## Task description
Among the records below, find the lines that contain "ezdxf" and copy each of them.

## Data to process

BEGIN

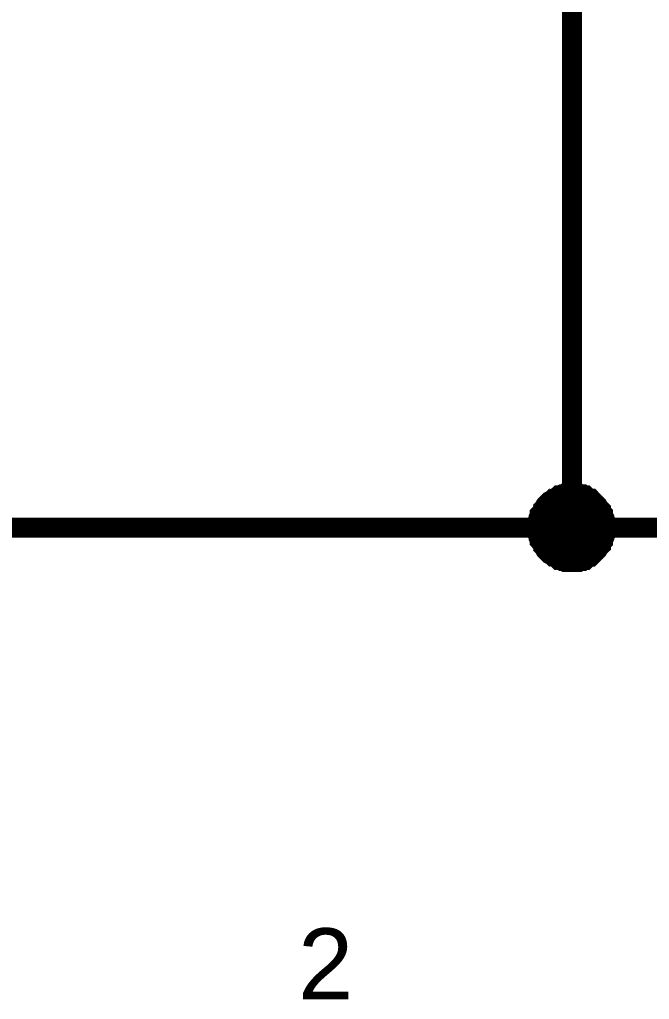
# Model space of a CAD drawing. Header units: millimetres. Extents: x -2024 to 917, y -725 to 13.
# Drawn here: x -1474.87 to -1465.47, y -388.71 to -374.09 of the extents above; entities that cross this region are included whole.
import ezdxf

# ---------------------------------------------------------------- set-up
doc = ezdxf.new("R2010")
doc.units = ezdxf.units.MM
doc.styles.get("Standard").update_dxf_attribs({"font": 'arial.ttf'})

msp = doc.modelspace()

# ---------------------------------------------------------------- linework, layer by layer
at = {"color": 7}
for points, const_width in [([(-1469.123, -366.669), (-1466.624, -366.669), (-1466.624, -381.672), (-1476.621, -381.672), (-1489.117, -381.672)], 0.3), ([(-1467.137, -381.672), (-1467.137, -381.639), (-1467.137, -381.622), (-1467.137, -381.589), (-1467.12, -381.572), (-1467.12, -381.539), (-1467.12, -381.523), (-1467.104, -381.49), (-1467.104, -381.473), (-1467.087, -381.457), (-1467.071, -381.423), (-1467.054, -381.407), (-1467.054, -381.39), (-1467.038, -381.374), (-1467.021, -381.341), (-1467.004, -381.324), (-1466.988, -381.307), (-1466.971, -381.291), (-1466.955, -381.274), (-1466.922, -381.258), (-1466.905, -381.241), (-1466.889, -381.241), (-1466.872, -381.225), (-1466.839, -381.208), (-1466.822, -381.192), (-1466.806, -381.192), (-1466.773, -381.175), (-1466.756, -381.175), (-1466.723, -381.175), (-1466.707, -381.158), (-1466.673, -381.158), (-1466.657, -381.158), (-1466.624, -381.158)], 0.3), ([(-1467.137, -381.672), (-1467.137, -381.639), (-1467.137, -381.622), (-1467.137, -381.589), (-1467.12, -381.572), (-1467.12, -381.539), (-1467.12, -381.523), (-1467.104, -381.49), (-1467.104, -381.473), (-1467.087, -381.457), (-1467.071, -381.423), (-1467.054, -381.407), (-1467.054, -381.39), (-1467.038, -381.374), (-1467.021, -381.341), (-1467.004, -381.324), (-1466.988, -381.307), (-1466.971, -381.291), (-1466.955, -381.274), (-1466.922, -381.258), (-1466.905, -381.241), (-1466.889, -381.241), (-1466.872, -381.225), (-1466.839, -381.208), (-1466.822, -381.192), (-1466.806, -381.192), (-1466.773, -381.175), (-1466.756, -381.175), (-1466.723, -381.175), (-1466.707, -381.158), (-1466.673, -381.158), (-1466.657, -381.158), (-1466.624, -381.158)], 0.3), ([(-1467.137, -381.672), (-1467.137, -381.639), (-1467.137, -381.622), (-1467.137, -381.589), (-1467.12, -381.572), (-1467.12, -381.539), (-1467.12, -381.523), (-1467.104, -381.49), (-1467.104, -381.473), (-1467.087, -381.457), (-1467.071, -381.423), (-1467.054, -381.407), (-1467.054, -381.39), (-1467.038, -381.374), (-1467.021, -381.341), (-1467.004, -381.324), (-1466.988, -381.307), (-1466.971, -381.291), (-1466.955, -381.274), (-1466.922, -381.258), (-1466.905, -381.241), (-1466.889, -381.241), (-1466.872, -381.225), (-1466.839, -381.208), (-1466.822, -381.192), (-1466.806, -381.192), (-1466.773, -381.175), (-1466.756, -381.175), (-1466.723, -381.175), (-1466.707, -381.158), (-1466.673, -381.158), (-1466.657, -381.158), (-1466.624, -381.158)], 0.3), ([(-1467.137, -381.672), (-1467.137, -381.639), (-1467.137, -381.622), (-1467.137, -381.589), (-1467.12, -381.572), (-1467.12, -381.539), (-1467.12, -381.523), (-1467.104, -381.49), (-1467.104, -381.473), (-1467.087, -381.457), (-1467.071, -381.423), (-1467.054, -381.407), (-1467.054, -381.39), (-1467.038, -381.374), (-1467.021, -381.341), (-1467.004, -381.324), (-1466.988, -381.307), (-1466.971, -381.291), (-1466.955, -381.274), (-1466.922, -381.258), (-1466.905, -381.241), (-1466.889, -381.241), (-1466.872, -381.225), (-1466.839, -381.208), (-1466.822, -381.192), (-1466.806, -381.192), (-1466.773, -381.175), (-1466.756, -381.175), (-1466.723, -381.175), (-1466.707, -381.158), (-1466.673, -381.158), (-1466.657, -381.158), (-1466.624, -381.158)], 0.3), ([(-1466.624, -381.158), (-1466.624, -381.158)], 0.3), ([(-1466.624, -381.158), (-1466.591, -381.158), (-1466.574, -381.158), (-1466.541, -381.158), (-1466.524, -381.175), (-1466.491, -381.175), (-1466.475, -381.175), (-1466.458, -381.192), (-1466.425, -381.192), (-1466.409, -381.208), (-1466.392, -381.225), (-1466.359, -381.241), (-1466.342, -381.241), (-1466.326, -381.258), (-1466.309, -381.274), (-1466.293, -381.291), (-1466.276, -381.307), (-1466.26, -381.324), (-1466.243, -381.341), (-1466.227, -381.374), (-1466.21, -381.39), (-1466.193, -381.407), (-1466.193, -381.423), (-1466.177, -381.457), (-1466.16, -381.473), (-1466.16, -381.49), (-1466.144, -381.523), (-1466.144, -381.539), (-1466.144, -381.572), (-1466.127, -381.589), (-1466.127, -381.622), (-1466.127, -381.639), (-1466.127, -381.672)], 0.3), ([(-1466.624, -381.158), (-1466.624, -381.158)], 0.3), ([(-1466.624, -381.158), (-1466.591, -381.158), (-1466.574, -381.158), (-1466.541, -381.158), (-1466.524, -381.175), (-1466.491, -381.175), (-1466.475, -381.175), (-1466.458, -381.192), (-1466.425, -381.192), (-1466.409, -381.208), (-1466.392, -381.225), (-1466.359, -381.241), (-1466.342, -381.241), (-1466.326, -381.258), (-1466.309, -381.274), (-1466.293, -381.291), (-1466.276, -381.307), (-1466.26, -381.324), (-1466.243, -381.341), (-1466.227, -381.374), (-1466.21, -381.39), (-1466.193, -381.407), (-1466.193, -381.423), (-1466.177, -381.457), (-1466.16, -381.473), (-1466.16, -381.49), (-1466.144, -381.523), (-1466.144, -381.539), (-1466.144, -381.572), (-1466.127, -381.589), (-1466.127, -381.622), (-1466.127, -381.639), (-1466.127, -381.672)], 0.3), ([(-1466.624, -381.158), (-1466.624, -381.158)], 0.3), ([(-1466.624, -381.158), (-1466.591, -381.158), (-1466.574, -381.158), (-1466.541, -381.158), (-1466.524, -381.175), (-1466.491, -381.175), (-1466.475, -381.175), (-1466.458, -381.192), (-1466.425, -381.192), (-1466.409, -381.208), (-1466.392, -381.225), (-1466.359, -381.241), (-1466.342, -381.241), (-1466.326, -381.258), (-1466.309, -381.274), (-1466.293, -381.291), (-1466.276, -381.307), (-1466.26, -381.324), (-1466.243, -381.341), (-1466.227, -381.374), (-1466.21, -381.39), (-1466.193, -381.407), (-1466.193, -381.423), (-1466.177, -381.457), (-1466.16, -381.473), (-1466.16, -381.49), (-1466.144, -381.523), (-1466.144, -381.539), (-1466.144, -381.572), (-1466.127, -381.589), (-1466.127, -381.622), (-1466.127, -381.639), (-1466.127, -381.672)], 0.3), ([(-1466.624, -381.158), (-1466.624, -381.158)], 0.3), ([(-1466.624, -381.158), (-1466.591, -381.158), (-1466.574, -381.158), (-1466.541, -381.158), (-1466.524, -381.175), (-1466.491, -381.175), (-1466.475, -381.175), (-1466.458, -381.192), (-1466.425, -381.192), (-1466.409, -381.208), (-1466.392, -381.225), (-1466.359, -381.241), (-1466.342, -381.241), (-1466.326, -381.258), (-1466.309, -381.274), (-1466.293, -381.291), (-1466.276, -381.307), (-1466.26, -381.324), (-1466.243, -381.341), (-1466.227, -381.374), (-1466.21, -381.39), (-1466.193, -381.407), (-1466.193, -381.423), (-1466.177, -381.457), (-1466.16, -381.473), (-1466.16, -381.49), (-1466.144, -381.523), (-1466.144, -381.539), (-1466.144, -381.572), (-1466.127, -381.589), (-1466.127, -381.622), (-1466.127, -381.639), (-1466.127, -381.672)], 0.3), ([(-1467.137, -381.672), (-1467.137, -381.639), (-1467.137, -381.622), (-1467.137, -381.589), (-1467.12, -381.572), (-1467.12, -381.539), (-1467.12, -381.523), (-1467.104, -381.49), (-1467.104, -381.473), (-1467.087, -381.457), (-1467.071, -381.423), (-1467.054, -381.407), (-1467.054, -381.39), (-1467.038, -381.374), (-1467.021, -381.341), (-1467.004, -381.324), (-1466.988, -381.307), (-1466.971, -381.291), (-1466.955, -381.274), (-1466.922, -381.258), (-1466.905, -381.241), (-1466.889, -381.241), (-1466.872, -381.225), (-1466.839, -381.208), (-1466.822, -381.192), (-1466.806, -381.192), (-1466.773, -381.175), (-1466.756, -381.175), (-1466.723, -381.175), (-1466.707, -381.158), (-1466.673, -381.158), (-1466.657, -381.158), (-1466.624, -381.158)], 0.0991), ([(-1467.137, -381.672), (-1467.137, -381.639), (-1467.137, -381.622), (-1467.137, -381.589), (-1467.12, -381.572), (-1467.12, -381.539), (-1467.12, -381.523), (-1467.104, -381.49), (-1467.104, -381.473), (-1467.087, -381.457), (-1467.071, -381.423), (-1467.054, -381.407), (-1467.054, -381.39), (-1467.038, -381.374), (-1467.021, -381.341), (-1467.004, -381.324), (-1466.988, -381.307), (-1466.971, -381.291), (-1466.955, -381.274), (-1466.922, -381.258), (-1466.905, -381.241), (-1466.889, -381.241), (-1466.872, -381.225), (-1466.839, -381.208), (-1466.822, -381.192), (-1466.806, -381.192), (-1466.773, -381.175), (-1466.756, -381.175), (-1466.723, -381.175), (-1466.707, -381.158), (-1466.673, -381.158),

END

## Response for this exercise
import ezdxf
doc = ezdxf.new("R2010")
doc.units = ezdxf.units.MM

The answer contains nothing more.